I searched for a Cordova plugin, but I found only these plugins that doesn't solve my problem:
Icenium/cordova-plugin-zip to zip and unzip files on iOS but there is no documentation or example about how using it.
jjdltc/jjdltc-cordova-plugin-zip to zip and unzip files on Android platform only.
Please, help me to find a plugin that zip files and folders on iOS, or give me an example about using the first plugin.
We have managed to unzip, modify and zip back files using the JSZip javascript API and the cordova file plugin. It should also work to create a zip from scratch. There isn't a real need to use native code for the zipping action (although it is most likely faster), only to read the files to zip and write the zip file. Hence, it is fine to use a javascript API that wasn't designed for cordova in particular.
Process
If you want to try the JSZip + file plugin method, here is a quick outline of how we worked with it :
We use the file plugin to read files as binary. If you are lucky enough to have only text files, you could read as text too, but it's less flexible that way. Note that to read the files, you will need to obtain the File object from their FileEntry which will require navigating in the file system using DirectoryEntrys. If you aren't familiar with the file plugin, take a look at its documentation to do this step.
We create a JSZip object.
Manipulate the JSZip object as you want it. You can create folders within the zip, add files, remove some, modify some content. As you see fit. Their documentation gives simple and good examples.

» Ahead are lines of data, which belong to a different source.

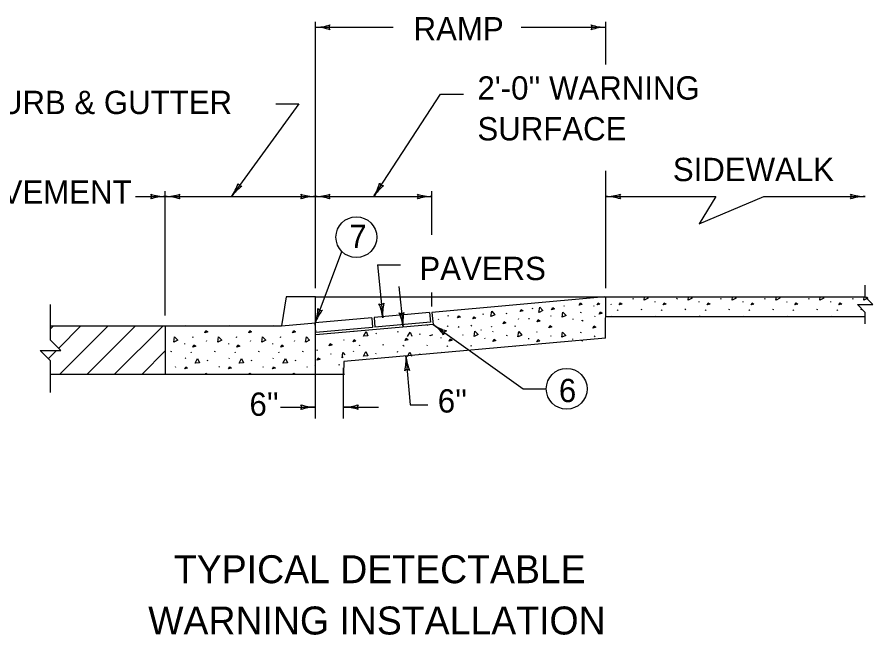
# Model space of a CAD drawing. Extents: x 1000 to 1036.3, y 1000 to 1022.
# Drawn here: x 1018.15 to 1025.48, y 1006.9 to 1012.2 of the extents above; entities that cross this region are included whole.
import ezdxf

# ---------------------------------------------------------------- set-up
doc = ezdxf.new("R2010")
doc.units = 0
for name, color, linetype in [('Level 1', 7, 'Continuous'), ('Level 11', 7, 'Continuous'), ('Level 2', 7, 'Continuous')]:
    doc.layers.add(name, color=color, linetype=linetype)

msp = doc.modelspace()

# ---------------------------------------------------------------- linework, layer by layer
at = {"layer": 'Level 1'}
for p, q in [((1020.7031, 1009.8734), (1020.7031, 1012.1562)), ((1020.7031, 1012.11), (1021.3717, 1012.11)), ((1022.4674, 1012.11), (1023.1935, 1012.11)), ((1023.1935, 1011.7924), (1023.1935, 1012.1562)), ((1021.7766, 1011.5351), (1021.9746, 1011.5351)), ((1020.5625, 1011.4521), (1019.9836, 1010.658)), ((1020.3645, 1011.4521), (1020.5625, 1011.4521)), ((1023.1935, 1009.8734), (1023.1935, 1010.8778)), ((1019.1599, 1010.658), (1019.4163, 1010.658)), ((1019.4163, 1009.6361), (1019.4163, 1010.7042)), ((1019.4163, 1010.658), (1020.7031, 1010.658)), ((1020.7031, 1010.658), (1021.7032, 1010.658)), ((1023.1935, 1010.658), (1024.1382, 1010.658)), ((1024.1382, 1010.658), (1023.9951, 1010.4241)), ((1023.9951, 1010.4241), (1024.5495, 1010.658)), ((1024.5495, 1010.658), (1025.4179, 1010.658)), ((1021.2361, 1010.0733), (1021.2817, 1009.6164)), ((1021.2361, 1010.0733), (1021.4341, 1010.0733)), ((1021.4199, 1009.8865), (1021.4548, 1009.5375)), ((1020.4541, 1009.7973), (1020.4126, 1009.5482)), ((1020.7031, 1009.7973), (1020.4541, 1009.7973)), ((1020.7031, 1009.1331), (1020.7031, 1009.7973)), ((1020.7031, 1009.7973), (1023.1935, 1009.7973)), ((1023.1852, 1009.7965), (1021.7032, 1009.6637)), ((1023.1899, 1009.4427), (1023.1935, 1009.7973)), ((1023.1935, 1009.7973), (1025.4179, 1009.7973)), ((1023.4276, 1009.7781), (1023.4307, 1009.7852)), ((1023.6145, 1009.7584), (1023.6153, 1009.7513)), ((1023.8042, 1009.7781), (1023.8073, 1009.7852)), ((1023.9912, 1009.7584), (1023.992, 1009.7513)), ((1024.1809, 1009.7781), (1024.1841, 1009.7852)), ((1024.3679, 1009.7584), (1024.3687, 1009.7513)), ((1024.5575, 1009.7781), (1024.5607, 1009.7852)), ((1024.7445, 1009.7584), (1024.7453, 1009.7513)), ((1024.9343, 1009.7781), (1024.9374, 1009.7852)), ((1025.1213, 1009.7584), (1025.1219, 1009.7513)), ((1025.3109, 1009.7781), (1025.314, 1009.7852)), ((1018.4329, 1009.5592), (1018.4329, 1009.7329)), ((1022.5664, 1009.6957), (1022.5695, 1009.7027)), ((1022.8359, 1009.7175), (1022.839, 1009.7245)), ((1023.0919, 1009.7175), (1023.095, 1009.7245)), ((1023.2379, 1009.7377), (1023.2386, 1009.7306)), ((1023.2915, 1009.6869), (1023.2946, 1009.6821)), ((1023.2946, 1009.6852), (1023.2978, 1009.6803)), ((1023.4991, 1009.6869), (1023.5023, 1009.694)), ((1023.6683, 1009.6869), (1023.6714, 1009.6821)), ((1023.6714, 1009.6852), (1023.6744, 1009.6803)), ((1023.8757, 1009.6869), (1023.8789, 1009.694)), ((1024.0449, 1009.6869), (1024.048, 1009.6821)), ((1024.048, 1009.6852), (1024.0511, 1009.6803)), ((1024.2525, 1009.6869), (1024.2557, 1009.694)), ((1024.4216, 1009.6869), (1024.4246, 1009.6821)), ((1024.4246, 1009.6852), (1024.4277, 1009.6803)), ((1024.6291, 1009.6869), (1024.6323, 1009.694)), ((1024.7982, 1009.6869), (1024.8013, 1009.6821)), ((1024.8013, 1009.6852), (1024.8045, 1009.6803)), ((1025.0058, 1009.6869), (1025.009, 1009.694)), ((1025.175, 1009.6869), (1025.178, 1009.6821)), ((1025.178, 1009.6852), (1025.1811, 1009.6803)), ((1025.3824, 1009.6869), (1025.3856, 1009.694)), ((1021.1864, 1009.6175), (1020.7006, 1009.5739)), ((1021.6825, 1009.6619), (1021.2071, 1009.6193)), ((1021.7577, 1009.6031), (1021.7608, 1009.6101)), ((1021.8421, 1009.633), (1021.8451, 1009.64)), ((1022.1416, 1009.6467), (1022.1447, 1009.6536)), ((1022.3431, 1009.6522), (1022.3462, 1009.6591)), ((1022.4439, 1009.6059), (1022.447, 1009.6128)), ((1022.5334, 1009.6138), (1022.5341, 1009.6066)), ((1022.7233, 1009.6315), (1022.7265, 1009.6385)), ((1022.9101, 1009.6098), (1022.9107, 1009.6028)), ((1022.9808, 1009.6611), (1022.984, 1009.668)), ((1023.1, 1009.6277), (1023.1031, 1009.6346)), ((1023.1935, 1009.6303), (1025.4179, 1009.6303)), ((1023.2459, 1009.6303), (1023.2483, 1009.6357)), ((1023.6225, 1009.6303), (1023.6249, 1009.6357)), ((1023.9992, 1009.6303), (1024.0016, 1009.6357)), ((1024.3758, 1009.6303), (1024.3783, 1009.6357)), ((1024.7526, 1009.6303), (1024.755, 1009.6357)), ((1025.1292, 1009.6303), (1025.1316, 1009.6357)), ((1018.4329, 1009.5482), (1019.4163, 1009.5482)), ((1018.4329, 1009.5236), (1018.4576, 1009.5482)), ((1018.5018, 1009.3576), (1018.6923, 1009.5482)), ((1018.5121, 1009.1331), (1018.9273, 1009.5482)), ((1018.747, 1009.1331), (1019.162, 1009.5482)), ((1018.9817, 1009.1331), (1019.3968, 1009.5482)), ((1019.4163, 1009.5482), (1020.4126, 1009.5482)), ((1019.4163, 1009.5482), (1019.4163, 1009.1331)), ((1021.7125, 1009.5606), (1020.7079, 1009.4706)), ((1021.1938, 1009.5348), (1020.708, 1009.4913)), ((1021.6899, 1009.5792), (1021.2145, 1009.5366)), ((1021.664, 1009.5512), (1021.6672, 1009.5582)), ((1021.833, 1009.5494), (1021.8361, 1009.5447)), ((1021.8361, 1009.5477), (1021.8392, 1009.543)), ((1021.9319, 1009.535), (1021.935, 1009.542)), ((1022.0406, 1009.5474), (1022.0438, 1009.5544)), ((1022.2097, 1009.5456), (1022.2128, 1009.5409)), ((1022.2128, 1009.5438), (1022.2158, 1009.539)), ((1022.4173, 1009.5434), (1022.4206, 1009.5505)), ((1021.0327, 1009.4995), (1021.036, 1009.5065)), ((1021.2229, 1009.4794), (1021.2261, 1009.4865)), ((1021.4093, 1009.4955), (1021.4126, 1009.5026)), ((1021.5995, 1009.4755), (1021.6026, 1009.4826)), ((1021.786, 1009.4917), (1021.7893, 1009.4987)), ((1021.9682, 1009.4676), (1021.9714, 1009.4746)), ((1022.1252, 1009.5105), (1022.1283, 1009.5174)), ((1022.2257, 1009.4972), (1022.2288, 1009.5041)), ((1022.3449, 1009.4636), (1022.3481, 1009.4708)), ((1022.6023, 1009.4932), (1022.6055, 1009.5003)), ((1022.7215, 1009.4598), (1022.7247, 1009.4668)), ((1022.979, 1009.4894), (1022.9822, 1009.4963)), ((1023.0982, 1009.4558), (1023.1013, 1009.463)), ((1020.944, 1009.432), (1020.947, 1009.4272)), ((1023.1899, 1009.4427), (1020.9463, 1009.2419)), ((1021.2855, 1009.3835), (1021.2888, 1009.3905)), ((1021.7784, 1009.4499), (1021.779, 1009.4427)), ((1022.155, 1009.4459), (1022.1557, 1009.4388)), ((1022.5317, 1009.4421), (1022.5323, 1009.4349)), ((1022.9083, 1009.4381), (1022.909, 1009.4311)), ((1018.4133, 1009.2691), (1018.4821, 1009.3379)), ((1019.2166, 1009.1331), (1019.4163, 1009.333)), ((1020.7172, 1009.3379), (1020.7204, 1009.3451)), ((1021.0309, 1009.3278), (1021.0342, 1009.3348)), ((1021.078, 1009.3855), (1021.081, 1009.3808)), ((1021.0811, 1009.3838), (1021.0842, 1009.3791)), ((1021.221, 1009.3077), (1021.2242, 1009.3148)), ((1021.4076, 1009.3238), (1021.4108, 1009.3309)), ((1021.4546, 1009.3817), (1021.4576, 1009.377)), ((1021.4577, 1009.3799), (1021.4607, 1009.3751)), ((1021.6622, 1009.3795), (1021.6654, 1009.3866)), ((1021.7842, 1009.32), (1021.7874, 1009.327)), ((1021.8313, 1009.3777), (1021.8344, 1009.373)), ((1021.8344, 1009.376), (1021.8373, 1009.3712)), ((1022.0387, 1009.3756), (1022.042, 1009.3827)), ((1022.4155, 1009.3718), (1022.4188, 1009.3788)), ((1020.8364, 1009.3045), (1020.8396, 1009.3115)), ((1020.9463, 1009.2419), (1020.9451, 1009.1331)), ((1021.4796, 1009.2896), (1021.517, 1008.8715)), ((1021.5978, 1009.3038), (1021.6009, 1009.3109)), ((1020.6995, 1009.2146), (1020.7026, 1009.21)), ((1020.7026, 1009.2128), (1020.7057, 1009.2081)), ((1020.9071, 1009.2125), (1020.9104, 1009.2196)), ((1020.9457, 1008.7524), (1020.9457, 1009.1875)), ((1018.4329, 1009.1331), (1019.4163, 1009.1331)), ((1018.4329, 1008.9768), (1018.4329, 1009.1166)), ((1019.4163, 1009.1331), (1020.7031, 1009.1331)), ((1020.7031, 1009.1331), (1020.9522, 1009.1331)), ((1020.7031, 1008.7535), (1020.7031, 1009.1331)), ((1022.4855, 1009.0087), (1022.6835, 1009.0087)), ((1020.4031, 1008.8511), (1020.7031, 1008.8511)), ((1020.9457, 1008.8511), (1021.2457, 1008.8511)), ((1021.517, 1008.8715), (1021.667, 1008.8715))]:
    msp.add_line(p, q, dxfattribs=at)
for points in [[(1025.4179, 1009.5648), (1025.4179, 1009.6644), (1025.3515, 1009.7308), (1025.4843, 1009.7308), (1025.4179, 1009.7973), (1025.4179, 1009.8968)], [(1023.5232, 1009.77), (1023.5269, 1009.7973)], [(1023.5466, 1009.7973), (1023.5576, 1009.7858), (1023.524, 1009.7702)], [(1023.8999, 1009.77), (1023.9037, 1009.7973)], [(1023.9233, 1009.7973), (1023.9343, 1009.7858), (1023.9006, 1009.7702)], [(1024.2766, 1009.77), (1024.2803, 1009.7973)], [(1024.2999, 1009.7973), (1024.311, 1009.7858), (1024.2774, 1009.7702)], [(1024.6532, 1009.77), (1024.657, 1009.7973)], [(1024.6765, 1009.7973), (1024.6877, 1009.7858), (1024.654, 1009.7702)], [(1025.0299, 1009.77), (1025.0336, 1009.7973)], [(1025.0533, 1009.7973), (1025.0643, 1009.7858), (1025.0306, 1009.7702)], [(1025.4066, 1009.77), (1025.4104, 1009.7973)], [(1025.4299, 1009.7973), (1025.4409, 1009.7858), (1025.4074, 1009.7702)], [(1022.4597, 1009.6707), (1022.4693, 1009.6902), (1022.4849, 1009.6783), (1022.4597, 1009.6707)], [(1022.6202, 1009.6644), (1022.6268, 1009.7093), (1022.6547, 1009.6798), (1022.621, 1009.6646)], [(1022.7292, 1009.6871), (1022.7388, 1009.7066), (1022.7544, 1009.6946), (1022.7292, 1009.6871)], [(1022.966, 1009.7252), (1022.9756, 1009.7448), (1022.9912, 1009.7328), (1022.966, 1009.7252)], [(1023.1187, 1009.7276), (1023.1284, 1009.7472), (1023.144, 1009.7352), (1023.1187, 1009.7276)], [(1023.3096, 1009.7278), (1023.319, 1009.7474), (1023.3348, 1009.7356), (1023.3096, 1009.7278)], [(1023.6862, 1009.7278), (1023.6957, 1009.7474), (1023.7114, 1009.7356), (1023.6862, 1009.7278)], [(1024.063, 1009.7278), (1024.0723, 1009.7474), (1024.088, 1009.7356), (1024.063, 1009.7278)], [(1024.4396, 1009.7278), (1024.4491, 1009.7474), (1024.4647, 1009.7356), (1024.4396, 1009.7278)], [(1024.8162, 1009.7278), (1024.8257, 1009.7474), (1024.8414, 1009.7356), (1024.8162, 1009.7278)], [(1025.193, 1009.7278), (1025.2023, 1009.7474), (1025.2181, 1009.7356), (1025.193, 1009.7278)], [(1021.9232, 1009.6162), (1021.9328, 1009.6358), (1021.9484, 1009.6238), (1021.9232, 1009.6162)], [(1022.054, 1009.608), (1022.0636, 1009.6275), (1022.0792, 1009.6156), (1022.054, 1009.608)], [(1022.209, 1009.629), (1022.2156, 1009.6739), (1022.2436, 1009.6444), (1022.2098, 1009.6292)], [(1022.8189, 1009.6224), (1022.8255, 1009.6674), (1022.8534, 1009.6379), (1022.8196, 1009.6226)], [(1023.1375, 1009.649), (1023.1471, 1009.6686), (1023.1627, 1009.6566), (1023.1375, 1009.649)], [(1018.4329, 1009.1166), (1018.4329, 1009.2494), (1018.3444, 1009.3379), (1018.5215, 1009.3379), (1018.4329, 1009.4265), (1018.4329, 1009.5592)], [(1022.3126, 1009.5672), (1022.3222, 1009.5867), (1022.3378, 1009.5747), (1022.3126, 1009.5672)], [(1022.6048, 1009.5823), (1022.6145, 1009.6019), (1022.63, 1009.5899), (1022.6048, 1009.5823)], [(1022.7067, 1009.5327), (1022.7163, 1009.5523), (1022.7319, 1009.5403), (1022.7067, 1009.5327)], [(1022.9878, 1009.5914), (1022.991, 1009.5981), (1022.9986, 1009.5923)], [(1023.0833, 1009.5288), (1023.093, 1009.5483), (1023.1086, 1009.5364), (1023.0833, 1009.5288)], [(1021.1165, 1009.4592), (1021.1381, 1009.4992), (1021.1542, 1009.4621), (1021.1173, 1009.4592)], [(1021.4944, 1009.4576), (1021.5147, 1009.4953), (1021.5297, 1009.4608)], [(1021.6872, 1009.4624), (1021.6883, 1009.4701)], [(1021.7086, 1009.4719), (1021.688, 1009.4627)], [(1021.7087, 1009.472), (1021.7086, 1009.4719)], [(1022.0638, 1009.4585), (1022.0704, 1009.5035), (1022.0984, 1009.474), (1022.0646, 1009.4587)], [(1022.4405, 1009.4546), (1022.4471, 1009.4995), (1022.475, 1009.47), (1022.4412, 1009.4548)], [(1022.8171, 1009.4507), (1022.8237, 1009.4957), (1022.8516, 1009.4662), (1022.8179, 1009.4509)], [(1020.8216, 1009.3774), (1020.8313, 1009.3969), (1020.8469, 1009.385), (1020.8216, 1009.3774)], [(1021.0263, 1009.4107), (1021.036, 1009.4302), (1021.0515, 1009.4183), (1021.0263, 1009.4107)], [(1021.473, 1009.4224), (1021.4827, 1009.442), (1021.4983, 1009.43), (1021.473, 1009.4224)], [(1021.8498, 1009.4184), (1021.8593, 1009.438), (1021.875, 1009.426), (1021.8498, 1009.4184)], [(1022.2264, 1009.4146), (1022.236, 1009.4342), (1022.2516, 1009.4222), (1022.2264, 1009.4146)], [(1022.603, 1009.4106), (1022.6126, 1009.4302), (1022.6282, 1009.4183), (1022.603, 1009.4106)], [(1022.9861, 1009.4196), (1022.9893, 1009.4264), (1022.9967, 1009.4206)], [(1020.9318, 1009.2747), (1020.9385, 1009.3194), (1020.9571, 1009.2997)], [(1021.1147, 1009.2875), (1021.1362, 1009.3276), (1021.1525, 1009.2904), (1021.1154, 1009.2875)], [(1021.4926, 1009.2859), (1021.5129, 1009.3236), (1021.5279, 1009.2891)], [(1020.718, 1009.2554), (1020.7275, 1009.275), (1020.7432, 1009.263), (1020.718, 1009.2554)], [(1020.9419, 1009.2791), (1020.9326, 1009.2748)]]:
    msp.add_lwpolyline(points, dxfattribs=at)
at = {"layer": 'Level 11'}
for p, q in [((1021.2032, 1010.658), (1021.7766, 1011.5351)), ((1021.7032, 1010.3299), (1021.7032, 1010.7042)), ((1020.7006, 1009.5739), (1020.9311, 1010.1861)), ((1021.7032, 1009.7158), (1021.7032, 1009.8358)), ((1021.1864, 1009.6175), (1021.1938, 1009.5348)), ((1021.2071, 1009.6193), (1021.2145, 1009.5366)), ((1021.6825, 1009.6619), (1021.6899, 1009.5792)), ((1021.7032, 1009.6637), (1021.7124, 1009.5606)), ((1020.4125, 1009.5481), (1020.7031, 1009.5742)), ((1020.708, 1009.4913), (1020.7006, 1009.5739)), ((1021.7125, 1009.5606), (1022.4855, 1009.0087))]:
    msp.add_line(p, q, dxfattribs=at)
for centre in [(1021.0548, 1010.3098), (1022.8585, 1009.0087)]:
    msp.add_circle(centre, 0.175, dxfattribs=at)
for centre, radius, start, end in [((1020.7031, 1012.501), 0.3909, 269.98778, 270), ((1020.7031, 1012.501), 0.3909, 270, 288.66878), ((1020.7031, 1011.7191), 0.3909, 71.34716, 89.99389), ((1020.8518, 1012.11), 0.0313, 138.7746, 220.89129), ((1023.0449, 1012.1101), 0.0313, 318.7746, 40.89129), ((1023.1935, 1011.7191), 0.3909, 90, 108.66878), ((1023.1935, 1012.501), 0.3909, 251.34716, 269.99389), ((1023.1935, 1011.7191), 0.3909, 89.98778, 90), ((1019.6677, 1010.8883), 0.3909, 323.90614, 342.57493), ((1020.2995, 1010.4277), 0.3909, 125.2533, 143.90003), ((1020.0712, 1010.7781), 0.0313, 192.68074, 274.79743), ((1020.876, 1010.872), 0.3909, 326.82329, 345.49207), ((1021.5304, 1010.4441), 0.3909, 128.17045, 146.81718), ((1021.2846, 1010.7824), 0.0313, 195.59789, 277.71458), ((1019.2677, 1010.6581), 0.0313, 318.7746, 40.89129), ((1019.4163, 1010.2671), 0.3909, 90, 108.66878), ((1019.4163, 1011.049), 0.3909, 251.34716, 269.99389), ((1019.4163, 1011.049), 0.3909, 270, 288.66878), ((1019.4163, 1010.2671), 0.3909, 89.98778, 90), ((1019.4163, 1011.049), 0.3909, 269.98778, 270), ((1019.4163, 1010.2671), 0.3909, 71.34716, 89.99389), ((1019.565, 1010.658), 0.0313, 138.7746, 220.89129), ((1019.6677, 1010.8883), 0.3909, 323.89392, 323.90614), ((1020.5545, 1010.6581), 0.0313, 318.7746, 40.89129), ((1020.7031, 1010.2671), 0.3909, 90, 108.66878), ((1020.7031, 1011.049), 0.3909, 251.34716, 269.99389), ((1020.7031, 1011.049), 0.3909, 269.98778, 270), ((1020.7031, 1011.049), 0.3909, 270, 288.66878), ((1020.7031, 1010.2671), 0.3909, 89.98778, 90), ((1020.7031, 1010.2671), 0.3909, 71.34716, 89.99389), ((1020.8518, 1010.658), 0.0313, 138.7746, 220.89129), ((1020.876, 1010.872), 0.3909, 326.81106, 326.82329), ((1021.5546, 1010.6581), 0.0313, 318.7746, 40.89129), ((1021.7032, 1010.2671), 0.3909, 90, 108.66878), ((1021.7032, 1011.049), 0.3909, 251.34716, 269.99389), ((1021.7032, 1010.2671), 0.3909, 89.98778, 90), ((1023.1935, 1011.049), 0.3909, 269.98778, 270), ((1023.1935, 1011.049), 0.3909, 270, 288.66878), ((1023.1935, 1010.2671), 0.3909, 71.34716, 89.99389), ((1023.3422, 1010.658), 0.0313, 138.7746, 220.89129), ((1025.2693, 1010.6581), 0.0313, 318.7746, 40.89129), ((1025.4179, 1010.2671), 0.3909, 90, 108.66878), ((1025.4179, 1011.049), 0.3909, 251.34716, 269.99389), ((1025.4179, 1010.2671), 0.3909, 89.98778, 90), ((1020.3347, 1009.7117), 0.3909, 339.36734, 358.03613), ((1021.0665, 1009.4362), 0.3909, 140.7145, 159.36123), ((1020.753, 1009.7131), 0.0313, 208.14194, 290.25864), ((1021.267, 1009.7644), 0.0313, 234.48109, 316.59779), ((1020.8927, 1009.5776), 0.3909, 5.7065, 24.37528), ((1021.6707, 1009.6553), 0.3909, 167.05365, 185.70038), ((1020.8927, 1009.5776), 0.3909, 5.69427, 5.7065), ((1021.44, 1009.6854), 0.0313, 234.48519, 316.60188), ((1021.0658, 1009.4986), 0.3909, 5.71059, 24.37938), ((1021.8438, 1009.5764), 0.3909, 167.05775, 185.70448), ((1020.3347, 1009.7117), 0.3909, 339.35512, 339.36734), ((1021.0658, 1009.4986), 0.3909, 5.69837, 5.71059), ((1021.9366, 1009.8809), 0.3909, 235.01584, 235.02807), ((1021.9366, 1009.8809), 0.3909, 235.02807, 253.69685), ((1021.4884, 1009.2402), 0.3909, 36.37523, 55.02196), ((1021.8343, 1009.4753), 0.0313, 103.80267, 185.91936), ((1021.0902, 1009.2548), 0.3909, 346.46025, 5.10698), ((1021.869, 1009.3245), 0.3909, 185.10086, 185.11309), ((1021.869, 1009.3245), 0.3909, 185.11309, 203.78187), ((1021.4928, 1009.1416), 0.0313, 53.88769, 136.00438), ((1020.5545, 1008.8512), 0.0313, 318.7746, 40.89129), ((1020.7031, 1008.4602), 0.3909, 90, 108.66878), ((1020.7031, 1009.2421), 0.3909, 251.34716, 269.99389), ((1020.7031, 1008.4602), 0.3909, 89.98778, 90), ((1020.9457, 1009.2421), 0.3909, 269.98778, 270), ((1020.9457, 1009.2421), 0.3909, 270, 288.66878), ((1020.9457, 1008.4602), 0.3909, 71.34716, 89.99389), ((1021.0944, 1008.8511), 0.0313, 138.7746, 220.89129)]:
    msp.add_arc(centre, radius, start, end, dxfattribs=at)
at = {"layer": 'Level 2'}
for p, q in [((1019.5808, 1009.3974), (1019.5816, 1009.3904)), ((1019.651, 1009.4493), (1019.6541, 1009.4565)), ((1019.7704, 1009.4171), (1019.7736, 1009.4243)), ((1019.9574, 1009.3974), (1019.9582, 1009.3904)), ((1020.0276, 1009.4493), (1020.0307, 1009.4565)), ((1020.1472, 1009.4171), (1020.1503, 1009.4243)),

Generate the zip binary content using the JSZip JSZip#generate() method, specifying the type. If you want to create an actual file with it, we noticed that string and arraybuffer could be written with the file plugin's write method (after creating the file) without code to convert it on iOS, but not uint8array (and we didn't try the other generation types).
Treat the binary as you wish. It is the same as if you had read the binary of an actual zip.
PS: The file plugin has some outdated documentation on cordova.apache.org. While the examples in it can be useful, be aware that some of those are not valid anymore. For instance, resolveLocalFileSystemURI() is now resolveLocalFileSystemURL().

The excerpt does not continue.